The Irish Republic has been warned that it risks a Shipman-type scandal in the pharmacy sector because of the lack of legislative controls to remove rogue operators.

The warning was delivered by Mandie Lavin, director of fitness to practise and legal affairs at the Royal Pharmaceutical Society, who pointed out that, unlike the UK, the Republic has no robust fitness-to-practise system for pharmacists. “If I had a serious criminal conviction, I could own and operate a pharmacy,” she declared. Speaking at a conference in Dublin earlier this month hosted by the Irish Pharmaceutical Union, she said that the way in which Shipman perpetrated the killings had important lessons for Irish legislators. In Britain, the Royal Pharmaceutical Society could remove from the register a pharmacist found to have acted in an unprofessional manner. In Ireland, however, which had no such controls, “there is a real fear that a person like Shipman could obtain large amounts of potent drugs”.
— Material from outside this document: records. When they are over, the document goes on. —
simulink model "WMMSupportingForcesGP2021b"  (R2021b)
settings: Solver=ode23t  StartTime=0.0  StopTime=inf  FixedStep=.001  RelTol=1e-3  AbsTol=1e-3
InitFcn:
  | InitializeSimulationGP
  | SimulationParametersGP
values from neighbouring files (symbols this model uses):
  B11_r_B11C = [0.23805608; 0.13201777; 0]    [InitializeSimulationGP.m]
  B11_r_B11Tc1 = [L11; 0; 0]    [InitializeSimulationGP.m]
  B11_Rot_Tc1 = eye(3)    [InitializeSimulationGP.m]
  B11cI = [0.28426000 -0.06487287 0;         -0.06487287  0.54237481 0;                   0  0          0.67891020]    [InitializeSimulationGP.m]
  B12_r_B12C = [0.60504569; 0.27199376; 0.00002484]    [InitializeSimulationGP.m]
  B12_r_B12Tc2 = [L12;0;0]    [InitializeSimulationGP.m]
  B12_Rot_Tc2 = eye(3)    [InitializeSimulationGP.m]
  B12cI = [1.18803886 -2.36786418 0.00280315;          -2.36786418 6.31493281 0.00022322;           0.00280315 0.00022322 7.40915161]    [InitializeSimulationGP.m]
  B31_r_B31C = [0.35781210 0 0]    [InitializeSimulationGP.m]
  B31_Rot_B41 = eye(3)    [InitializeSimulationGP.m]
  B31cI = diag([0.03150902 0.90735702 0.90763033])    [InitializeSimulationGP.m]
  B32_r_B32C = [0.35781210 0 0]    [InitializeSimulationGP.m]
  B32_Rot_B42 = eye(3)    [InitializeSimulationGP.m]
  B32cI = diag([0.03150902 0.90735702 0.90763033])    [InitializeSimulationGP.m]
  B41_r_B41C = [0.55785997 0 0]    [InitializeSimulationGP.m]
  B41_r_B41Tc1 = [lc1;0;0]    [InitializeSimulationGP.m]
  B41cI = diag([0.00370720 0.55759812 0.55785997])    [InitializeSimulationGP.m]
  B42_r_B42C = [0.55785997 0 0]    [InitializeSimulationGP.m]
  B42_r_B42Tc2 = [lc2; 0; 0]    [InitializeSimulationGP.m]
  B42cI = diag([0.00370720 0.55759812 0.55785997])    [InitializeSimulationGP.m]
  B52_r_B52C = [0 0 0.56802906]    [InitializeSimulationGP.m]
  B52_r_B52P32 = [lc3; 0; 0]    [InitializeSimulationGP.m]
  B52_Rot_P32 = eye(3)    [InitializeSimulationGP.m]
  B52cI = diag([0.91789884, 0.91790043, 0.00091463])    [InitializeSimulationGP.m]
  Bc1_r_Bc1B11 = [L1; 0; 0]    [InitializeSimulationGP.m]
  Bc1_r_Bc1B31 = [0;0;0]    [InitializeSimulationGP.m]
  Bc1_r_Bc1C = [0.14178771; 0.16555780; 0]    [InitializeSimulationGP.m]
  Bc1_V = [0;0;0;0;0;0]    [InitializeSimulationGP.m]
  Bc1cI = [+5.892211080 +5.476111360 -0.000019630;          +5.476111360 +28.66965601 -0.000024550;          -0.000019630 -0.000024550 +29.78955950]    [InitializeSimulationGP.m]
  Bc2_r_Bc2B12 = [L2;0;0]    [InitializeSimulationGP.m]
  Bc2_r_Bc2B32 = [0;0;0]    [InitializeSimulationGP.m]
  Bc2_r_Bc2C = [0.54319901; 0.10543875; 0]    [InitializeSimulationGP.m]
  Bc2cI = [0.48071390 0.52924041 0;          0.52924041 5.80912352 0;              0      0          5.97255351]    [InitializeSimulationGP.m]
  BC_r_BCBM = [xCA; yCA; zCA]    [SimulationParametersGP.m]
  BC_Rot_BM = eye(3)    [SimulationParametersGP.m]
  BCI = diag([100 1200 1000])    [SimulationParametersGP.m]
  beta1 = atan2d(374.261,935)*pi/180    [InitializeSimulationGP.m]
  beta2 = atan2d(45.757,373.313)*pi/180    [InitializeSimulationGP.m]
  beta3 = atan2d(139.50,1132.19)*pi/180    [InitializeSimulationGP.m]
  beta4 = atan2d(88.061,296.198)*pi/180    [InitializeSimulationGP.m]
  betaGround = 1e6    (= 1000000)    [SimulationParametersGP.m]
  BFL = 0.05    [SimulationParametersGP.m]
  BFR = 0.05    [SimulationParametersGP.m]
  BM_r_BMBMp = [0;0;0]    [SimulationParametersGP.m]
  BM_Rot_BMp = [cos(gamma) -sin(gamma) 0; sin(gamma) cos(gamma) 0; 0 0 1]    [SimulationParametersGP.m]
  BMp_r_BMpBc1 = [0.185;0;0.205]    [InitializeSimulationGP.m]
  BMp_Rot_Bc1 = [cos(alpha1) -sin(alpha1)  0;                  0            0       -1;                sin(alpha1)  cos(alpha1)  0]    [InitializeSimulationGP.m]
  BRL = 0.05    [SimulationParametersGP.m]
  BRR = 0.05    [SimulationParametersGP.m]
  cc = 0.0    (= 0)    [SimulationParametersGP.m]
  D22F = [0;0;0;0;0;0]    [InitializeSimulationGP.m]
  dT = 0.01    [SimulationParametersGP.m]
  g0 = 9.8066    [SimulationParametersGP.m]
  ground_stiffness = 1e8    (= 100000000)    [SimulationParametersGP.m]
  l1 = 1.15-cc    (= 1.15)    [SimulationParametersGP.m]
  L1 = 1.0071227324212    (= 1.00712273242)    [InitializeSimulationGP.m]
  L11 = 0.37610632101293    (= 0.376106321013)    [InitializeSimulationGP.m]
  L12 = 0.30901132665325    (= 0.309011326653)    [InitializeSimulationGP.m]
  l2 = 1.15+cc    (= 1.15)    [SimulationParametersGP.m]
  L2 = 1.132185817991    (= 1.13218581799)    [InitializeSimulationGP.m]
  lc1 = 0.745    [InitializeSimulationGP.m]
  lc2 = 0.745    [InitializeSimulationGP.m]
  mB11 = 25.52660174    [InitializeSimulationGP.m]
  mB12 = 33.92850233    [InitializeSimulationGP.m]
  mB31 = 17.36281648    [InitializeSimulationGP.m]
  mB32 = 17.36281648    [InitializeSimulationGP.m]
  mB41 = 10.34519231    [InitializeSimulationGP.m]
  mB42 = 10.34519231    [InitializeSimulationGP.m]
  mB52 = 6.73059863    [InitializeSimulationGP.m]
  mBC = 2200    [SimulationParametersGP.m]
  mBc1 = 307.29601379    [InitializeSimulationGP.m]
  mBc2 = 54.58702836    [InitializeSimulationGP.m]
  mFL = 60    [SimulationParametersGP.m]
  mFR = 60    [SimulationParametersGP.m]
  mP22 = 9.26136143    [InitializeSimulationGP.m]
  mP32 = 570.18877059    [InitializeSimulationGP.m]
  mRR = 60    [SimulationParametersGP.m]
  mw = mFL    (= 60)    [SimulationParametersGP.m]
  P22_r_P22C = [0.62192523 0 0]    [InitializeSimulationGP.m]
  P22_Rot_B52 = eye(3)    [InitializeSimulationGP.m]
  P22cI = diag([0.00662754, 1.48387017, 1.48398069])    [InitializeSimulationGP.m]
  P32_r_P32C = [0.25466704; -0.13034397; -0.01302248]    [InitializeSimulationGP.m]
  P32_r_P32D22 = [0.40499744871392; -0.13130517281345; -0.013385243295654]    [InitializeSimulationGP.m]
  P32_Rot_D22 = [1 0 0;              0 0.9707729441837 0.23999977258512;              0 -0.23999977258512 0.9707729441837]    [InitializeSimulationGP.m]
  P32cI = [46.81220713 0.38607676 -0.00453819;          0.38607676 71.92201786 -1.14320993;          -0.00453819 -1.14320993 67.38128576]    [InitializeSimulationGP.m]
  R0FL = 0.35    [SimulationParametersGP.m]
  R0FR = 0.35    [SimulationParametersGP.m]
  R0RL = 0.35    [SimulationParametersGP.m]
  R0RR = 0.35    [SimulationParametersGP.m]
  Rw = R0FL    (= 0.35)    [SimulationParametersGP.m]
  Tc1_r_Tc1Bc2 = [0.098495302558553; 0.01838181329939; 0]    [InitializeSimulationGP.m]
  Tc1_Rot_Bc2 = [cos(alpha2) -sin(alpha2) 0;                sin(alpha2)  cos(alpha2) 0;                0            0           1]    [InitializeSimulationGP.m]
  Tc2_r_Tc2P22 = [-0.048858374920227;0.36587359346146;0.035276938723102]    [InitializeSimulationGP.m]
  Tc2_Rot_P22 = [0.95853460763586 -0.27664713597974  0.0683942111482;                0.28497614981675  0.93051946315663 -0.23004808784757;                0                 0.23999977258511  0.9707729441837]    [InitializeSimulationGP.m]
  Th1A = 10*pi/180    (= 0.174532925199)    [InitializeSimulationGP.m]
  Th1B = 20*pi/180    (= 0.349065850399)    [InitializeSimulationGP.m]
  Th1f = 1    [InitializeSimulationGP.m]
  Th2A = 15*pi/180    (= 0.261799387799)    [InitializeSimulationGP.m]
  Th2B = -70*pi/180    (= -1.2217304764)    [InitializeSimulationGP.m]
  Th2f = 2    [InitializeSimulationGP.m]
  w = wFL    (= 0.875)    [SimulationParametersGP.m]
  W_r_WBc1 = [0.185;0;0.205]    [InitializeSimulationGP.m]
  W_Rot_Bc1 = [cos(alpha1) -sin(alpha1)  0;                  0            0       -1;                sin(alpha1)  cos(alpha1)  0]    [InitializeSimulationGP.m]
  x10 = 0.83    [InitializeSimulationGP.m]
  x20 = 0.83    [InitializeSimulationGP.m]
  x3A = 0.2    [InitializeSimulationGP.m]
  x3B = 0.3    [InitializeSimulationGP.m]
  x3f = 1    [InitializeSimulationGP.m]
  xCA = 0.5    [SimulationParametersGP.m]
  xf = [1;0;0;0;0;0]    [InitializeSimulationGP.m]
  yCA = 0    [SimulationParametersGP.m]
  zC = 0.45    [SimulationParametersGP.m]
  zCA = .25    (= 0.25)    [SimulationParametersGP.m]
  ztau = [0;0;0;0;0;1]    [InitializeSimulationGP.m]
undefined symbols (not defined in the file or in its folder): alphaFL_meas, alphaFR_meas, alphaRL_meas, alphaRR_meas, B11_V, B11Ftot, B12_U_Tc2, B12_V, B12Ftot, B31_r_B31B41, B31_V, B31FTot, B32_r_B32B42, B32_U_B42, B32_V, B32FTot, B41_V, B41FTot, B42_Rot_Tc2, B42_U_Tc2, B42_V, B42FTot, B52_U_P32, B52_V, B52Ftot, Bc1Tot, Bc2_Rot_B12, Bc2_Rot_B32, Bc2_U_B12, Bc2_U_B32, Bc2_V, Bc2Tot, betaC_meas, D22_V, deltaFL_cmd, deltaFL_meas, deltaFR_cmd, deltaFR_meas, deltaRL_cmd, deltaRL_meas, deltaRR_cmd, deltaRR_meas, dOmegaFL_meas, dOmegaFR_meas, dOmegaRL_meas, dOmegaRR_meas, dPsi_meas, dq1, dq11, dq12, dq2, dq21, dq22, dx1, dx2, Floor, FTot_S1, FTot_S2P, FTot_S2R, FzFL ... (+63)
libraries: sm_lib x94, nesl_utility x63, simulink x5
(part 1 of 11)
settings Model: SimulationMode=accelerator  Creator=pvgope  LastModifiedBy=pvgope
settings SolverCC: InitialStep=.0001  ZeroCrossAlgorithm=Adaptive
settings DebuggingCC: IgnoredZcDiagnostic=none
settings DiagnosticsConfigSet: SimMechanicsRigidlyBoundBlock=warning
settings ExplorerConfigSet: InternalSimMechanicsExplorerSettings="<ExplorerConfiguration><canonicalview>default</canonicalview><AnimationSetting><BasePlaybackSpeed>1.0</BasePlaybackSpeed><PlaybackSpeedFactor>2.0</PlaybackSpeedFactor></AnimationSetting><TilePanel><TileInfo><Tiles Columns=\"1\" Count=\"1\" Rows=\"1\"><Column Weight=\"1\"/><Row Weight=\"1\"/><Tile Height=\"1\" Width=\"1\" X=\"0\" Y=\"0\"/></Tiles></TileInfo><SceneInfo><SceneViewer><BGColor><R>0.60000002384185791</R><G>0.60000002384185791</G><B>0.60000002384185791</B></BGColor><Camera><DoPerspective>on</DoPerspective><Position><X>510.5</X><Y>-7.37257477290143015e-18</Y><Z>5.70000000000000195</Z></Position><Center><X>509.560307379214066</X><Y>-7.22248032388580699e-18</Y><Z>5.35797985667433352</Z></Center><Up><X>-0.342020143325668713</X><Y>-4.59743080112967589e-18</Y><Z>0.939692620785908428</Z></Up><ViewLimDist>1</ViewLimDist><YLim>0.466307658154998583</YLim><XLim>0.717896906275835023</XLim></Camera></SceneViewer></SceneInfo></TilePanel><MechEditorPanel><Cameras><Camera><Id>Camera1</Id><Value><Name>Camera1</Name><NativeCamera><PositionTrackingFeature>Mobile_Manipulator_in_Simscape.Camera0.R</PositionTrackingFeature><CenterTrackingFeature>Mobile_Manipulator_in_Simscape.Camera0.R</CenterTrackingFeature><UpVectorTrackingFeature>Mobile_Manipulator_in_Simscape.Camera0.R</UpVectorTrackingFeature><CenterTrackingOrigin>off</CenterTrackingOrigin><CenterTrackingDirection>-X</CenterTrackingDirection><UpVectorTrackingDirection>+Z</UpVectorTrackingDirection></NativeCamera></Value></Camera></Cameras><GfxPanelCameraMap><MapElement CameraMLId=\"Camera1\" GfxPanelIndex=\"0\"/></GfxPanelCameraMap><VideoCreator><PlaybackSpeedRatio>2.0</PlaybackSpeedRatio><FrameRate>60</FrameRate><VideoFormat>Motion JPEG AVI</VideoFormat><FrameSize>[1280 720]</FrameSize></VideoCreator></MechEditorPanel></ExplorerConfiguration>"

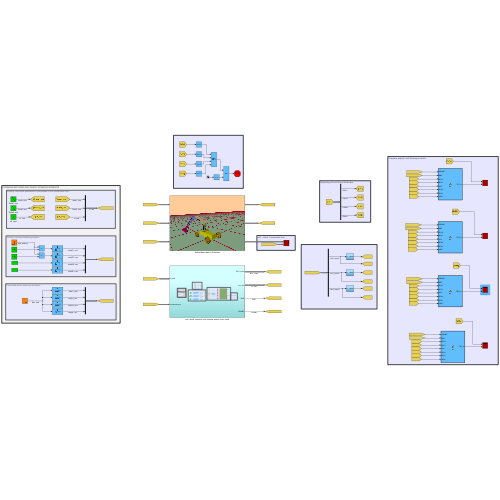
[thumbnail: Simulink's stored preview of the top-level diagram]
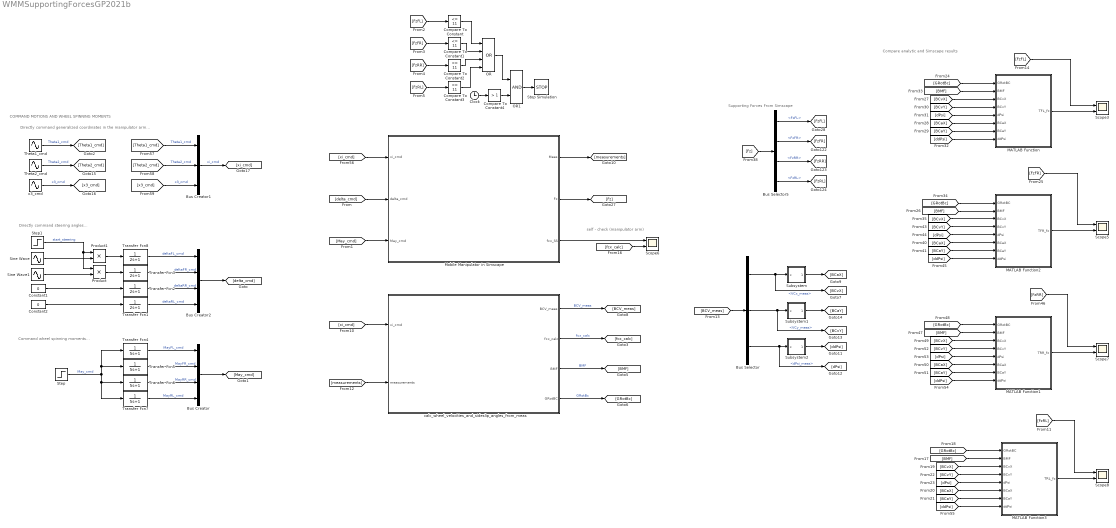
== system WMMSupportingForcesGP2021b ==
  note: Compare analytic and Simscape results
  note: Supporting Forces From Simscape
  note: COMMAND MOTIONS AND WHEEL SPINNING MOMENTS
  note: self - check (manipulator arm)
  note: Directly command generalized coordinates in the manipulator arm...
  note: Directly command steering angles...
  note: Command wheel spinning moments...
  Bus Creator : BusCreator  Inputs=MayFL_cmd,MayFR_cmd,MayRR_cmd,MayRL_cmd
  Bus Creator1 : BusCreator  Inputs=3
  Bus Creator2 : BusCreator  Inputs=deltaFL_cmd,deltaFR_cmd,deltaRR_cmd,deltaRL_cmd
  Bus Selector : BusSelector  OutputSignals=VCx_meas,VCy_meas,dPsi_meas
  Bus Selector5 : BusSelector  OutputSignals=FzFL,FzFR,FzRR,FzRL
  Clock : Clock
  Compare To Constant{,1..3} (4 alike) : simulink/Logic and Bit Operations/Compare To Constant  relop=<=  const=11  OutDataTypeStr=boolean
  Compare To Constant4 : simulink/Logic and Bit Operations/Compare To Constant  relop=>  const=1  OutDataTypeStr=boolean
  Constant1 : Constant  Value=0
  Constant2 : Constant  Value=0
  MATLAB Function : MATLAB Function  TreatAsAtomicUnit=on
  MATLAB Function1 : MATLAB Function  TreatAsAtomicUnit=on
  MATLAB Function2 : MATLAB Function  TreatAsAtomicUnit=on
  MATLAB Function3 : MATLAB Function  TreatAsAtomicUnit=on
  Mobile Manipulator in Simscape : Subsystem
      mask Display: image('$imagefile'); % Use "Edit Image" on toolstrip to change.
  OR : Logic  Operator=OR  Inputs=4  AllPortsSameDT=off  OutDataTypeStr=boolean
  OR1 : Logic  AllPortsSameDT=off  OutDataTypeStr=boolean
  Product : Product
  Product1 : Product
  Scope{3,5..8} (5 alike) : Scope  NumInputPorts=2
  Sine Wave : Sin  Amplitude=4*pi/180  Frequency=.9  SampleTime=0
  Sine Wave1 : Sin  Amplitude=4*pi/180  Frequency=.9  SampleTime=0
  Step : Step  Time=15  Before=50  After=-50  SampleTime=0
  Step1 : Step  Time=30  SampleTime=0
  Stop Simulation : Stop
  Subsystem : Subsystem
  Subsystem1 : Subsystem
  Subsystem2 : Subsystem
  Theta1_cmd : Sin  Amplitude=Th1A  Bias=Th1B  Frequency=Th1f  SampleTime=0
  Theta2_cmd : Sin  Amplitude=Th2A  Bias=Th2B  Frequency=Th2f  SampleTime=0
  Transfer Fcn{1..3,8} (4 alike) : TransferFcn  Denominator=[2 1]
  Transfer Fcn{4..7} (4 alike) : TransferFcn  Denominator=[5 1]
  calc_wheel_velocities_and_sideslip_angles_from_meas : Subsystem
  x3_cmd : Sin  Amplitude=x3A  Bias=x3B  Frequency=x3f  SampleTime=0
  wires:
  [delta_cmd] -> Mobile Manipulator in Simscape/2(delta_cmd)
  Bus Creator2/1 -> [delta_cmd]
  Transfer Fcn8/1 -> Bus Creator2/1  "deltaFL_cmd"
  Transfer Fcn3/1 -> Bus Creator2/2  "deltaFR_cmd"
  Transfer Fcn2/1 -> Bus Creator2/3  "deltaRR_cmd"
  Transfer Fcn1/1 -> Bus Creator2/4  "deltaRL_cmd"
  [May_cmd] -> Mobile Manipulator in Simscape/3(May_cmd)
  Mobile Manipulator in Simscape/1(Meas) -> [measurements]
  [measurements] -> calc_wheel_velocities_and_sideslip_angles_from_meas/2(measurements)
  calc_wheel_velocities_and_sideslip_angles_from_meas/1(BCV_meas) -> [BCV_meas]  "BCV_meas"
  Constant1/1 -> Transfer Fcn2/1
  Mobile Manipulator in Simscape/2(Fz) -> [Fz]
  [Fz] -> Bus Selector5/1
  Bus Selector5/1 -> [FzFL]  "<FzFL>"
  Bus Selector5/2 -> [FzFR]  "<FzFR>"
  Bus Selector5/3 -> [FzRR]  "<FzRR>"
  Bus Selector5/4 -> [FzRL]  "<FzRL>"
  Bus Creator/1 -> [May_cmd]
  Constant2/1 -> Transfer Fcn1/1
  calc_wheel_velocities_and_sideslip_angles_from_meas/2(fcx_calc) -> [fcx_calc]  "fcx_calc"
  [fcx_calc] -> Scope6/2
  calc_wheel_velocities_and_sideslip_angles_from_meas/4(GRotBC) -> [GRotBc]  "GRotBc"
  [BCV_meas] -> Bus Selector/1
  Subsystem/1(dx/dt) -> [BCaX]
  Bus Selector/1 -> [BCvX], Subsystem/1(x)  "<VCx_meas>"
  Bus Selector/2 -> [BCvY], Subsystem1/1(x)  "<VCy_meas>"
  Bus Selector/3 -> [dPsi], Subsystem2/1(x)  "<dPsi_meas>"
  Subsystem2/1(dx/dt) -> [ddPsi]
  Subsystem1/1(dx/dt) -> [BCaY]
  Transfer Fcn4/1 -> Bus Creator/1  "MayFL_cmd"
  Transfer Fcn5/1 -> Bus Creator/2  "MayFR_cmd"
  Transfer Fcn6/1 -> Bus Creator/3  "MayRR_cmd"
  Transfer Fcn7/1 -> Bus Creator/4  "MayRL_cmd"
  [GRotBc] -> MATLAB Function/1(GRotBC)
  [ddPsi] -> MATLAB Function1/8(ddPsi)
  [BMF] -> MATLAB Function1/2(BMF)
  [BCvX] -> MATLAB Function2/3(BCvX)
  [FzFR] -> Scope5/1
  [BCaX] -> MATLAB Function/6(BCaX)
  [BCvX] -> MATLAB Function/3(BCvX)
  [BCvX] -> MATLAB Function1/3(BCvX)
  [BCvY] -> MATLAB Function1/4(BCvY)
  [BCaX] -> MATLAB Function1/6(BCaX)
  [FzFL] -> Scope3/1
  [ddPsi] -> MATLAB Function2/8(ddPsi)
  MATLAB Function/1(TFL_fz) -> Scope3/2
  [BCaY] -> MATLAB Function2/7(BCaY)
  [BCaX] -> MATLAB Function2/6(BCaX)
  [GRotBc] -> MATLAB Function2/1(GRotBC)
  [BCvY] -> MATLAB Function2/4(BCvY)
  [BCvY] -> MATLAB Function/4(BCvY)
  [BMF] -> MATLAB Function/2(BMF)
  MATLAB Function2/1(TFR_fz) -> Scope5/2
  [BMF] -> MATLAB Function2/2(BMF)
  [ddPsi] -> MATLAB Function/8(ddPsi)
  [GRotBc] -> MATLAB Function1/1(GRotBC)
  MATLAB Function1/1(TRR_fz) -> Scope7/2
  [dPsi] -> MATLAB Function/5(dPsi)
  [BCaY] -> MATLAB Function1/7(BCaY)
  [FzRR] -> Scope7/1
  [dPsi] -> MATLAB Function1/5(dPsi)
  [BCaY] -> MATLAB Function/7(BCaY)
  [dPsi] -> MATLAB Function2/5(dPsi)
  [dPsi] -> MATLAB Function3/5(dPsi)
  [FzRL] -> Scope8/1
  [BCaY] -> MATLAB Function3/7(BCaY)
  [GRotBc] -> MATLAB Function3/1(GRotBC)
  [BCaX] -> MATLAB Function3/6(BCaX)
  [BCvY] -> MATLAB Function3/4(BCvY)
  [BCvX] -> MATLAB Function3/3(BCvX)
  [BMF] -> MATLAB Function3/2(BMF)
  [ddPsi] -> MATLAB Function3/8(ddPsi)
  Sine Wave1/1 -> Product/2
  Product/1 -> Transfer Fcn3/1
  Product1/1 -> Transfer Fcn8/1
  Sine Wave/1 -> Product1/2
  Step1/1 -> Product/1, Product1/1  "start_steering"
  MATLAB Function3/1(TRL_fz) -> Scope8/2
  calc_wheel_velocities_and_sideslip_angles_from_meas/3(BMF) -> [BMF]  "BMF"
  Theta1_cmd/1 -> [Theta1_cmd]  "Theta1_cmd"
  Theta2_cmd/1 -> [Theta2_cmd]  "Theta2_cmd"
  x3_cmd/1 -> [x3_cmd]  "x3_cmd"
  [xi_cmd] -> Mobile Manipulator in Simscape/1(xi_cmd)
  [x3_cmd] -> Bus Creator1/3  "x3_cmd"
  [Theta2_cmd] -> Bus Creator1/2  "Theta2_cmd"
  [Theta1_cmd] -> Bus Creator1/1  "Theta1_cmd"
  Bus Creator1/1 -> [xi_cmd]  "xi_cmd"
  Step/1 -> Transfer Fcn5/1, Transfer Fcn4/1, Transfer Fcn7/1, Transfer Fcn6/1  "May_cmd"
  Mobile Manipulator in Simscape/3(fcx_SS) -> Scope6/1
  [xi_cmd] -> calc_wheel_velocities_and_sideslip_angles_from_meas/1(xi_cmd)
  Compare To Constant1/1 -> OR/2
  OR/1 -> OR1/1
  Clock/1 -> Compare To Constant4/1
  Compare To Constant4/1 -> OR1/2
  [FzFR] -> Compare To Constant1/1
  Compare To Constant2/1 -> OR/3
  OR1/1 -> Stop Simulation/1
  [FzFL] -> Compare To Constant/1
  Compare To Constant/1 -> OR/1
  [FzRL] -> Compare To Constant3/1
  Compare To Constant3/1 -> OR/4
  [FzRR] -> Compare To Constant2/1

The current rules for regulating the Irish pharmacy sector, she pointed out, date back to 1875 and do not contain provisions for rogue pharmacists to be struck off. In response to the criticism, a spokesperson for Irish health minister Mary Harney said legislation was being prepared that would introduce fitness-to-practise regulations and empower the IPU to enforce them.

Correction
Legislation to introduce fitness-to-practise regulations in the Irish Republic will empower the Pharmaceutical Society of Ireland to enforce the regulations, not the Irish Pharmaceutical Union as stated.